The 10 Least Popular Dog Breeds: A Comprehensive Guide

Do you know which

dog breeds

are the least popular? From Komondor to Otterhounds, this article will provide a comprehensive guide to the 10 least popular dog breeds in the United States. The American Kennel Association recently released its statistics on the most popular dog breeds in the US, and it's not surprising that some of the all-time favorites topped the list. But, among all those common and popular breeds, there are some dog breeds that seem to be falling into obscurity (and in some cases are on the verge of extinction). The American Foxhound is one of these less popular breeds.

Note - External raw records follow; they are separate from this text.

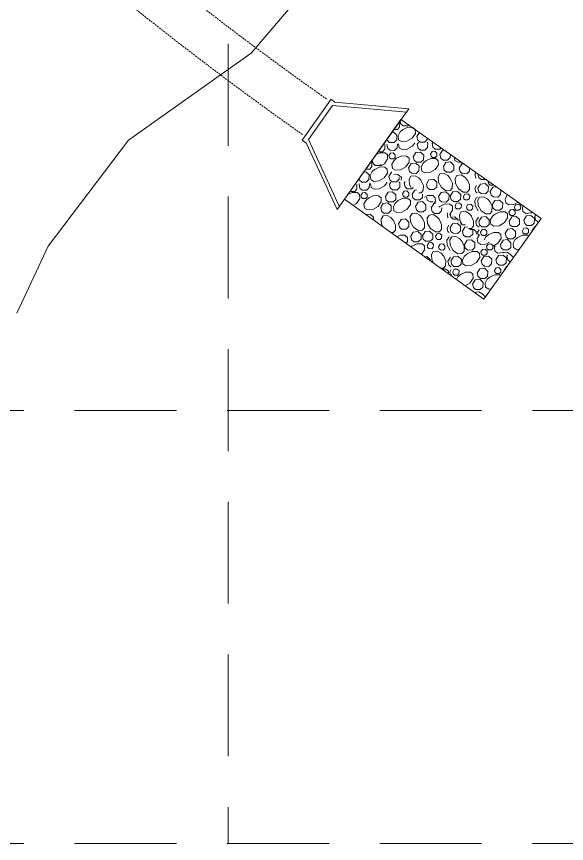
# Model space of a CAD drawing. Extents: x 33353 to 37237, y 80141 to 82571.
# Drawn here: x 35931.8 to 36008.8, y 80386.5 to 80502.3 of the extents above; entities that cross this region are included whole.
import ezdxf

# ---------------------------------------------------------------- set-up
doc = ezdxf.new("R2010")
doc.units = 0
doc.header["$MEASUREMENT"] = 0
doc.linetypes.add('HIDDEN', pattern=[0.375, 0.25, -0.125])
doc.layers.add('GRID', color=254, linetype='HIDDEN')
for name, color, linetype, lineweight in [('STRM-42', 7, 'Continuous', 0), ('TOPOSHD-33', 7, 'Continuous', 0), ('TOPOSHD-43', 7, 'Continuous', 0), ('TOPOSHD-6', 7, 'Continuous', 0)]:
    doc.layers.add(name, color=color, linetype=linetype, lineweight=lineweight)

# ---------------------------------------------------------------- blocks, each defined once
blk = doc.blocks.new('A$C7B3A522E')
at = {"layer": 'STRM-42', "color": 1, "linetype": 'Continuous', "lineweight": 0}
for p, q in [((7.56, 24.79), (0, 13.41)), ((7.4, 24.51), (7.43, 24.46)), ((7.43, 24.46), (7.43, 23.77)), ((7.59, 24.2), (7.47, 24.61)), ((27.6, 11.52), (7.55, 24.79)), ((7.15, 23.41), (6.64, 23.38)), ((7.43, 23.77), (7.15, 23.41)), ((7.53, 23.07), (7.88, 23.41)), ((7.91, 23.94), (7.59, 24.2)), ((7.85, 23.39), (8.57, 23.75)), ((8.55, 23.94), (7.91, 23.94)), ((8.72, 24.12), (8.55, 23.94)), ((8.57, 23.75), (9.26, 23.75)), ((9.26, 23.75), (9.61, 23.47)), ((9.61, 23.47), (9.65, 22.91)), ((5.76, 21.83), (5.71, 22)), ((6.36, 22.97), (6.61, 23)), ((6.61, 23), (7.09, 22.58)), ((7.09, 22.58), (7.08, 21.94)), ((7.24, 22.53), (7.53, 23.07)), ((7.33, 21.96), (7.24, 22.53)), ((9.21, 22.23), (8.48, 21.78)), ((9.65, 22.91), (9.21, 22.23)), ((9.87, 22.47), (10.22, 23.07)), ((10.01, 21.99), (9.87, 22.47)), ((10.22, 23.07), (10.26, 23.08)), ((11.33, 22.1), (10.97, 21.73)), ((11.34, 22.35), (11.33, 22.1)), ((5.43, 21.25), (5.43, 20.57)), ((5.72, 21.2), (5.77, 21.28)), ((5.72, 21.2), (5.77, 21.28)), ((5.86, 20.71), (5.72, 21.2)), ((6.08, 21.56), (5.76, 21.83)), ((6.72, 21.57), (6.08, 21.56)), ((7.08, 21.94), (6.72, 21.57)), ((7.19, 21.4), (7.18, 20.82)), ((7.76, 21.71), (7.33, 21.96)), ((7.43, 20.85), (7.34, 21.41)), ((7.86, 20.6), (7.43, 20.85)), ((8.48, 21.78), (7.76, 21.71)), ((9.31, 21.12), (8.58, 20.67)), ((9.63, 21.61), (9.31, 21.12)), ((9.97, 21.36), (10.15, 21.66)), ((9.97, 21.36), (10.15, 21.66)), ((10.11, 20.87), (9.97, 21.36)), ((10.34, 21.72), (10.01, 21.99)), ((10.43, 20.61), (10.11, 20.87)), ((10.97, 21.73), (10.34, 21.72)), ((11.43, 20.98), (11.07, 20.62)), ((11.29, 21.76), (11.44, 21.63)), ((11.44, 21.63), (11.43, 20.98)), ((12.03, 21.56), (12.17, 21.8)), ((12.03, 21.56), (12.17, 21.8)), ((12.17, 21.08), (12.03, 21.56)), ((12.49, 20.81), (12.17, 21.08)), ((13.32, 21.02), (13.12, 20.82)), ((4.21, 19.78), (4.8, 20.07)), ((4.59, 20.18), (4.52, 20.23)), ((5.15, 20.22), (4.59, 20.18)), ((4.8, 20.07), (5.49, 20.07)), ((5.43, 20.57), (5.15, 20.22)), ((5.49, 20.07), (5.84, 19.79)), ((5.84, 19.79), (5.88, 19.23)), ((6.18, 20.45), (5.86, 20.71)), ((6.03, 19.7), (6.25, 20.06)), ((6.12, 19.41), (6.03, 19.7)), ((6.81, 20.46), (6.18, 20.45)), ((6.25, 20.06), (6.62, 20.12)), ((6.62, 20.12), (6.91, 19.86)), ((7.18, 20.82), (6.81, 20.46)), ((6.91, 19.86), (6.91, 19.48)), ((7.11, 19.36), (7.83, 19.71)), ((7.83, 19.71), (8.52, 19.71)), ((8.58, 20.67), (7.86, 20.6)), ((8.52, 19.71), (8.87, 19.44)), ((9.46, 19.63), (9.81, 20.24)), ((9.81, 20.24), (10.45, 20.33)), ((11.07, 20.62), (10.43, 20.61)), ((10.45, 20.33), (10.93, 19.91)), ((10.93, 19.91), (10.92, 19.26)), ((11.86, 20.08), (12.07, 20.44)), ((11.95, 19.79), (11.86, 20.08)), ((12.14, 19.63), (11.95, 19.79)), ((12.07, 20.44), (12.45, 20.5)), ((12.45, 20.5), (12.74, 20.24)), ((13.12, 20.82), (12.49, 20.81)), ((12.74, 19.85), (12.52, 19.64)), ((12.74, 20.24), (12.74, 19.85)), ((13.18, 20.05), (13.53, 20.65)), ((13.32, 19.56), (13.18, 20.05)), ((13.53, 20.65), (13.81, 20.69)), ((14.65, 20.12), (14.64, 19.67)), ((15.31, 19.31), (15.24, 19.73)), ((3.66, 18.84), (3.68, 18.79)), ((3.68, 18.79), (3.69, 18.1)), ((3.85, 18.53), (3.73, 18.94)), ((4.17, 18.27), (3.85, 18.53)), ((5.44, 18.55), (4.96, 18.26)), ((5.88, 19.23), (5.44, 18.55)), ((6.31, 19.25), (6.12, 19.41)), ((6.69, 19.26), (6.31, 19.25)), ((6.5, 18.5), (6.78, 19.04)), ((6.91, 19.48), (6.69, 19.26)), ((6.78, 19.04), (7.13, 19.37)), ((8.91, 18.88), (8.47, 18.2)), ((8.84, 18.07), (9.2, 18.67)), ((8.87, 19.44), (8.91, 18.88)), ((9.2, 18.67), (9.83, 18.76)), ((9.6, 19.15), (9.46, 19.63)), ((9.93, 18.89), (9.6, 19.15)), ((9.83, 18.76), (10.31, 18.34)), ((10.56, 18.9), (9.93, 18.89)), ((10.92, 19.26), (10.56, 18.9)), ((10.61, 18.25), (10.89, 18.8)), ((10.89, 18.8), (11.24, 19.13)), ((11.21, 19.11), (11.93, 19.47)), ((11.93, 19.47), (12.62, 19.47)), ((12.52, 19.64), (12.14, 19.63)), ((13.02, 18.63), (12.58, 17.95)), ((12.62, 19.47), (12.98, 19.18)), ((12.98, 19.18), (13.02, 18.63)), ((13.65, 19.3), (13.32, 19.56)), ((14.28, 19.31), (13.65, 19.3)), ((13.71, 18.38), (14.06, 18.98)), ((14.06, 18.98), (14.69, 19.07)), ((14.64, 19.67), (14.28, 19.31)), ((14.69, 19.07), (15.18, 18.65)), ((15.18, 18.65), (15.17, 18)), ((15.74, 19.05), (15.31, 19.31)), ((16.17, 19.1), (15.74, 19.05)), ((15.92, 18.22), (16.27, 18.83)), ((16.27, 18.83), (16.52, 18.86)), ((3.41, 17.74), (2.9, 17.71)), ((3.69, 18.1), (3.41, 17.74)), ((3.5, 16.86), (3.78, 17.4)), ((3.78, 17.4), (4.13, 17.74)), ((4.11, 17.72), (4.83, 18.08)), ((4.8, 18.27), (4.17, 18.27)), ((4.98, 18.45), (4.8, 18.27)), ((4.83, 18.08), (5.52, 18.08)), ((5.52, 18.08), (5.87, 17.8)), ((5.87, 17.8), (5.91, 17.24)), ((6.13, 16.8), (6.48, 17.4)), ((6.48, 17.4), (6.52, 17.41)), ((6.59, 17.93), (6.5, 18.5)), ((7.02, 17.68), (6.59, 17.93)), ((7.74, 17.75), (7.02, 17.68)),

Larger than the English Foxhound, these


have a remarkable ability to smell their prey and can let out a loud and penetrating howl. They are very active and require a significant amount of stimulation to keep them happy, but they are otherwise fun and loyal pets. The Komondor is another breed that is not as well-known. This big, furry, adorable beast may look like a mop, but it's actually a Hungarian national treasure and a loyal and loving pet.

Bred to defend and herd livestock, the Komondor requires a great deal of space and stimulation, not to mention that its owner is patient and willing to spend time maintaining its unique dreadlocks. The Otterhound is another endangered


. Bred to hunt otters, these strong and fast puppies have webbed legs. Unfortunately, there are fewer than 1000 left in its native United Kingdom.

The Afghan Hound is one of the oldest dog breeds on the planet. It is a long-haired dog with a majestic appearance, initially bred to withstand the cold mountains of Afghanistan. These dogs tend to be aloof and stay away from strangers. They also have a habit of attacking small prey.

The Alaskan Malamute looks similar to a Siberian Husky, but the two breeds are not related. The Alaskan Malamute is bred to work hard and needs a strong leader to prevent it from misbehaving. These large sled dogs don't respect weak leaders, but they like to be surrounded by people, making them unsuitable for use as guard dogs. The Basenji is a small breed of hunting dog that originated in Africa.

This breed is better known as the dog without barking because instead of barking, it howls. The Basenji is a reserved dog that tends to be attached to only one person. They will protect this single companion with their life, but they will remain distant with strangers and are unlikely to get along with any other animal. The Chesapeake Bay Retriever is a large breed of dog that belongs to the retriever family.

This American dog retrieves waterfowl and is a perfect hunting companion. These dogs love the water and have a wavy coat. They are cheerful and playful, but their desire to hunt will prevent them from spending much time with the family. These dogs will also continuously chase and attack small animals.The Chow Chow is an ancient

breed of dog

that originated in China more than a thousand years ago.

These dogs are also known as puffy lion dogs. They look like teddy bears, and there is some evidence that the first teddy bears used the Chow Chow as a model. The downside of having a Chow Chow as a pet is that it can fiercely protect its owner and often become too aggressive. Aggression is one of the natural traits of these dogs, and the owner must be extremely attentive while training.

A lot of socialization is also necessary to keep aggression toward family members to a minimum.The Saluki is a tall, slender dog that looks like an Afghan hound, but this breed is actually a greyhound, meaning that it mainly uses its eyes instead of its nose to hunt. The Saluki is a fast dog and can beat a greyhound over long distances. He is very shy with strangers and can be difficult to train. This dog is also prone to chasing moving objects, including small animals.Early socialization can help curb some of the bad habits associated with these less affectionate dog breeds which are mostly hunting or sports dogs of yesteryear.

Over the years, their work may have gone out of style, but we still have them close by as pets and companions - they just need strong leaders who will give them new purpose.These dogs are not for occasional owners who want to have a dog in the house but don't want to interact much with him - particularly Shih-Tzus, Scottish Terriers and Chows which require more patience and obedience training than other breeds.In Britain there are as many people who have dogs as there are cats (25% each), making it easily the country's most loved animal - even if some breeds require more attention than others! A new YouGov Profiles analysis of more than 44,000 YouGov members who have provided data on dog breeds reveals which are the most and least loved breeds in Britain.